►

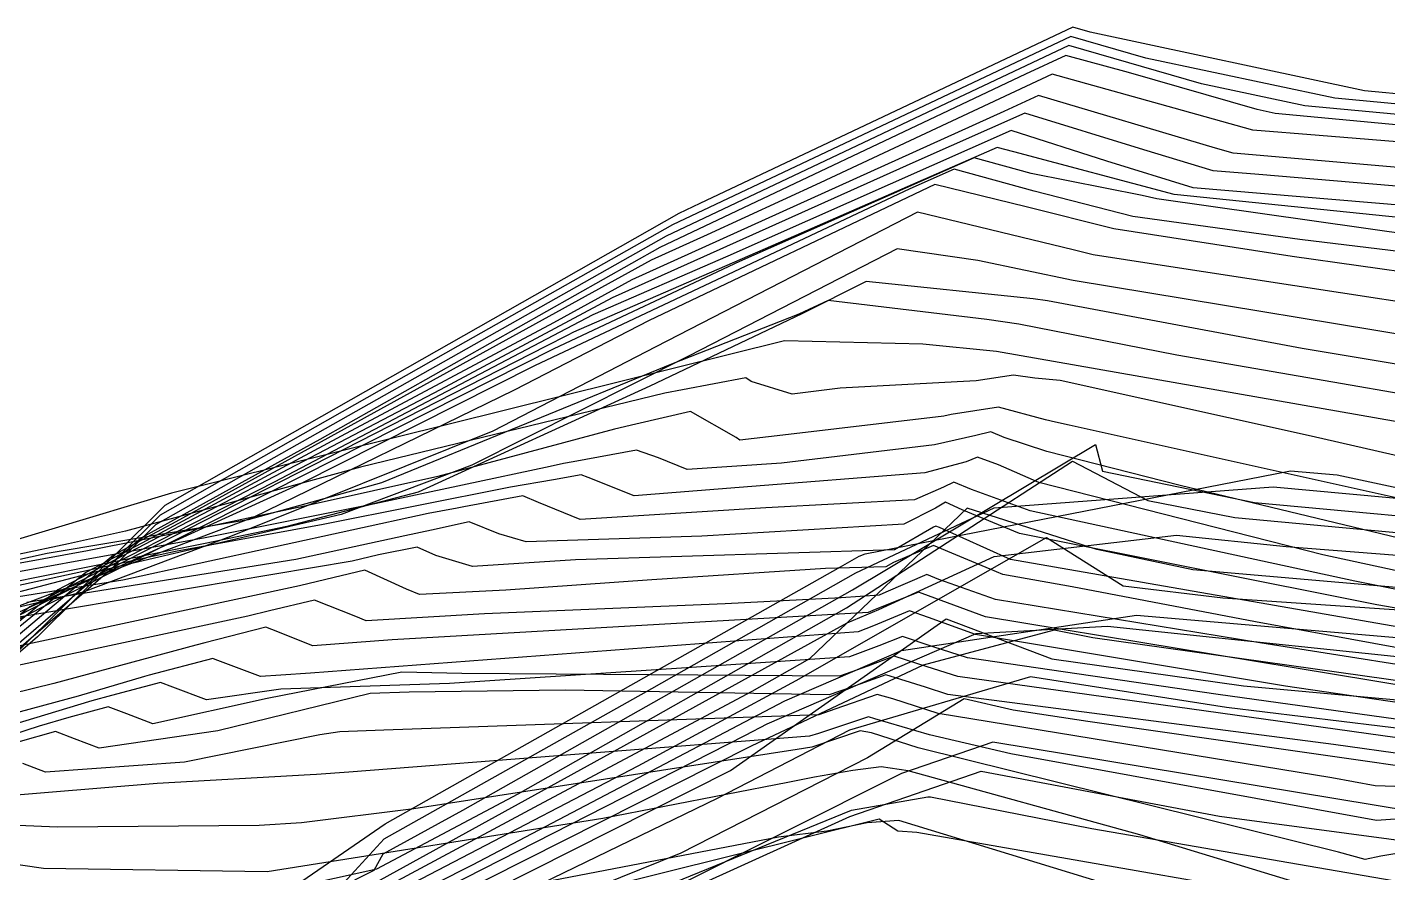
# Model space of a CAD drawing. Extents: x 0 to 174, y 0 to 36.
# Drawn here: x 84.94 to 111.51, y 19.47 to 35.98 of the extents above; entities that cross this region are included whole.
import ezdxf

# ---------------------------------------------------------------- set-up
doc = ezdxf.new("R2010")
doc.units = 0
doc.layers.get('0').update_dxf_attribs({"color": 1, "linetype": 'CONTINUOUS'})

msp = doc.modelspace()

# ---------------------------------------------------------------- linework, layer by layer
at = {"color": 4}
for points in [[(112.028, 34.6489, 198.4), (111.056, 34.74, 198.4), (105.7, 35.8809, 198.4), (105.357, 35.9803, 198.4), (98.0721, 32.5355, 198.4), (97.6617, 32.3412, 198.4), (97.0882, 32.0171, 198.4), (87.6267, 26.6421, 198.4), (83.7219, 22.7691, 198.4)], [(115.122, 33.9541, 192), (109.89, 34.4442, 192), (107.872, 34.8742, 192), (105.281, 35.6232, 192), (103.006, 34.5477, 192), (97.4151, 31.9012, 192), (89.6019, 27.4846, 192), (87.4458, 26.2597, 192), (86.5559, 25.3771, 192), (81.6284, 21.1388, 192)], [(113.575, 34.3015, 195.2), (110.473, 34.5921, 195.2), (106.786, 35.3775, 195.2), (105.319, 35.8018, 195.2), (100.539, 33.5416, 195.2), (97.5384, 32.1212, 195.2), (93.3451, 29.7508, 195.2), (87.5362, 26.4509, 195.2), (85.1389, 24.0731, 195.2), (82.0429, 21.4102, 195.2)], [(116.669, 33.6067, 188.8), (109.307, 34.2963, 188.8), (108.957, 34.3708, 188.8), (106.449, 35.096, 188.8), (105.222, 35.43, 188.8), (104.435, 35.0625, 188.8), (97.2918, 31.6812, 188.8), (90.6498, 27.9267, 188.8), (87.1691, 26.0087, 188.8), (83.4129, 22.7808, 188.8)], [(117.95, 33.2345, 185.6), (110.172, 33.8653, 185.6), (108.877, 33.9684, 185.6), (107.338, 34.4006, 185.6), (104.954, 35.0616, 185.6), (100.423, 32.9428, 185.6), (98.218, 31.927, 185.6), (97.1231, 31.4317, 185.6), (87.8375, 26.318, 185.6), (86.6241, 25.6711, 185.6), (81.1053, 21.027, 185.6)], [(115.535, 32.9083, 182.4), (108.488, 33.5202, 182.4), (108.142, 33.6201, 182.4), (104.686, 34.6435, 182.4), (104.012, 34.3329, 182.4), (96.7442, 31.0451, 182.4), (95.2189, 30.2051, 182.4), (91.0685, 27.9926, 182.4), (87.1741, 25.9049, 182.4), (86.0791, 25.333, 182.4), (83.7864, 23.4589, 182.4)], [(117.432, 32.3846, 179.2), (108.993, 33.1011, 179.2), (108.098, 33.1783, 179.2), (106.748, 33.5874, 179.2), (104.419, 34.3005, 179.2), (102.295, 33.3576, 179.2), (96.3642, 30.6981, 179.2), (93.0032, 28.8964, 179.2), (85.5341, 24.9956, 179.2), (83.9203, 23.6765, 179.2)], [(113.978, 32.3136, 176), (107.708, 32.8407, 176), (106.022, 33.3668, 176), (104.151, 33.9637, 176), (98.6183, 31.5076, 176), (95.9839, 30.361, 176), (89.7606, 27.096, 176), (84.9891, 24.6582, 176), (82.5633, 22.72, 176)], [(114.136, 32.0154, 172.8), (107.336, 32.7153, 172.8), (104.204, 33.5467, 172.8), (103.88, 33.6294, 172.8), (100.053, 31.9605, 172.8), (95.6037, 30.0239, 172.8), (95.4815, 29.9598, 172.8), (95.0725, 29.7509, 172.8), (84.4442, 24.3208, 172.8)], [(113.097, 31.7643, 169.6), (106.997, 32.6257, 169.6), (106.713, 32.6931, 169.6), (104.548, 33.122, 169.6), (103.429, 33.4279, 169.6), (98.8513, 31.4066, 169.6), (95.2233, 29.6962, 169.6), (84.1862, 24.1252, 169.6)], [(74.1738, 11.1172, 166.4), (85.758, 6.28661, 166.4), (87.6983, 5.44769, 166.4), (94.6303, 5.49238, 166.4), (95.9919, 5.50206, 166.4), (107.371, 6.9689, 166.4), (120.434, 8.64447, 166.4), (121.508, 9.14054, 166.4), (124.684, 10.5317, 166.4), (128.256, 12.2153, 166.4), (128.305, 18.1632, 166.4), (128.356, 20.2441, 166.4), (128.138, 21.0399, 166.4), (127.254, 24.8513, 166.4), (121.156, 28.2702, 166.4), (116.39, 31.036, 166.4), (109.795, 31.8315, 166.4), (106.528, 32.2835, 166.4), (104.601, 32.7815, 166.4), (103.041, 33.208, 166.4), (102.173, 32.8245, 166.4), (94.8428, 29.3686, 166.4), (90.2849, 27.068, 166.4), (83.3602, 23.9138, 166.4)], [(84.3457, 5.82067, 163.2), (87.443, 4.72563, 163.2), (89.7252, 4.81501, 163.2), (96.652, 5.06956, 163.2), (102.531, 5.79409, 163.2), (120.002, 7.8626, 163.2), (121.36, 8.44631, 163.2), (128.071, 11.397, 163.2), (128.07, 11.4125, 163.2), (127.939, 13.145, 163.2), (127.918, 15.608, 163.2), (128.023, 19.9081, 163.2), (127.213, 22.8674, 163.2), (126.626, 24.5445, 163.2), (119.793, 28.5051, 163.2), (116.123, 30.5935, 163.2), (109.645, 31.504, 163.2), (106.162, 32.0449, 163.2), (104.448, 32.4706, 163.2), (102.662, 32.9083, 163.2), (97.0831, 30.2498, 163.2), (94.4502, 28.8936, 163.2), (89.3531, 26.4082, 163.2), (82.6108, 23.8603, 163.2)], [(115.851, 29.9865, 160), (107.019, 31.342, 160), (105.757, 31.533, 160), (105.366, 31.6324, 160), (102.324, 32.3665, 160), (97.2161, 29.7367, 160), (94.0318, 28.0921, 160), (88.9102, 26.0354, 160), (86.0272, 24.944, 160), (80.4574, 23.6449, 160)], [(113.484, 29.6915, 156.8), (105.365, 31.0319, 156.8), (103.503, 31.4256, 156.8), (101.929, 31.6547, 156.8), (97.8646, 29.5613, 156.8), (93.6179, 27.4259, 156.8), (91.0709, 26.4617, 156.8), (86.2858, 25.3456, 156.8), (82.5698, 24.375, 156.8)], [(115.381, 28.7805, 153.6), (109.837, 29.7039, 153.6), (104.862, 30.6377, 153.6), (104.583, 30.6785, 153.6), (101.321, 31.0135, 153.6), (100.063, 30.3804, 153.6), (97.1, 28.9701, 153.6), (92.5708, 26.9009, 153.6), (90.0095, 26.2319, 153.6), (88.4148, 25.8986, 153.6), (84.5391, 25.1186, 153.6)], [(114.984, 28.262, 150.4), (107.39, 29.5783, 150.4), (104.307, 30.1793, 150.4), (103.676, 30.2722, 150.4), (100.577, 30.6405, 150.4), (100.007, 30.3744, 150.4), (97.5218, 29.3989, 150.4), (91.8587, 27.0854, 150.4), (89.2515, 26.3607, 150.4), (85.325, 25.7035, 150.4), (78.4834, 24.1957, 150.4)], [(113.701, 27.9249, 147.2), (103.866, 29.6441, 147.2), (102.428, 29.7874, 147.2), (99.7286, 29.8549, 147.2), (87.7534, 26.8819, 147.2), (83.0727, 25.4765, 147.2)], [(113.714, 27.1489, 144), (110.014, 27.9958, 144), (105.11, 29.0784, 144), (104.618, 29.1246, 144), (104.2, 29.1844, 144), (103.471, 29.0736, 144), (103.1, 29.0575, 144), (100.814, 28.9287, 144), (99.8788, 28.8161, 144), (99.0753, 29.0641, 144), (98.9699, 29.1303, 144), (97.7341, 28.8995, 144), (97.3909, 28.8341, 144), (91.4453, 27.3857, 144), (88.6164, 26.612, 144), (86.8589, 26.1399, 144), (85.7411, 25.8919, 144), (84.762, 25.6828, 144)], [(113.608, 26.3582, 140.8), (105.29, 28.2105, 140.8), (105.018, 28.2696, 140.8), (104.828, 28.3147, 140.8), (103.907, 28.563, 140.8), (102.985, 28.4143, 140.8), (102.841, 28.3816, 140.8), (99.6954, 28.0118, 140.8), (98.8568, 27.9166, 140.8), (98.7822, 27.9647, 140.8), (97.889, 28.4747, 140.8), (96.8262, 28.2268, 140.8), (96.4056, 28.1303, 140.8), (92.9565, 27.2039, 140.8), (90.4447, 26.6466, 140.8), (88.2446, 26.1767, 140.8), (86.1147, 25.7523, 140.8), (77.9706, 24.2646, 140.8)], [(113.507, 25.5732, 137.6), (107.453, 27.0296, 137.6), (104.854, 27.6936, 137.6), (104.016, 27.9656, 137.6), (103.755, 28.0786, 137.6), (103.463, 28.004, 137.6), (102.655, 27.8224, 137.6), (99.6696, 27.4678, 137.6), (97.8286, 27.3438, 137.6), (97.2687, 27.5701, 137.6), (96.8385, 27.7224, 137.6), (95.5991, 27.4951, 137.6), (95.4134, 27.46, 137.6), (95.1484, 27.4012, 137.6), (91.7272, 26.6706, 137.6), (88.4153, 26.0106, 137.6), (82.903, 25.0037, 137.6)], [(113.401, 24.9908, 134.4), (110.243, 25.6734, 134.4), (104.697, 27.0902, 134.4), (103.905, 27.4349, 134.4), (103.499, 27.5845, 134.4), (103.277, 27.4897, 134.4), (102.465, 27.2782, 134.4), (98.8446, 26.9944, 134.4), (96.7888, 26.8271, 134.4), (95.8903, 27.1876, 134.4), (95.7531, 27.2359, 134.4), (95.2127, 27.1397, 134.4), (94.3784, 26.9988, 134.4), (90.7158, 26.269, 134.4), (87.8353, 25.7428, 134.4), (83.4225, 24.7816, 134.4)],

◄

Your assignment
Take the records above from their first line through the line with "import ezdxf" and set those lines down word for word, minus the pictures.

Response
# Model space of a CAD drawing. Extents: x 0 to 174, y 0 to 36.
# Drawn here: x 84.94 to 111.51, y 19.47 to 35.98 of the extents above; entities that cross this region are included whole.
import ezdxf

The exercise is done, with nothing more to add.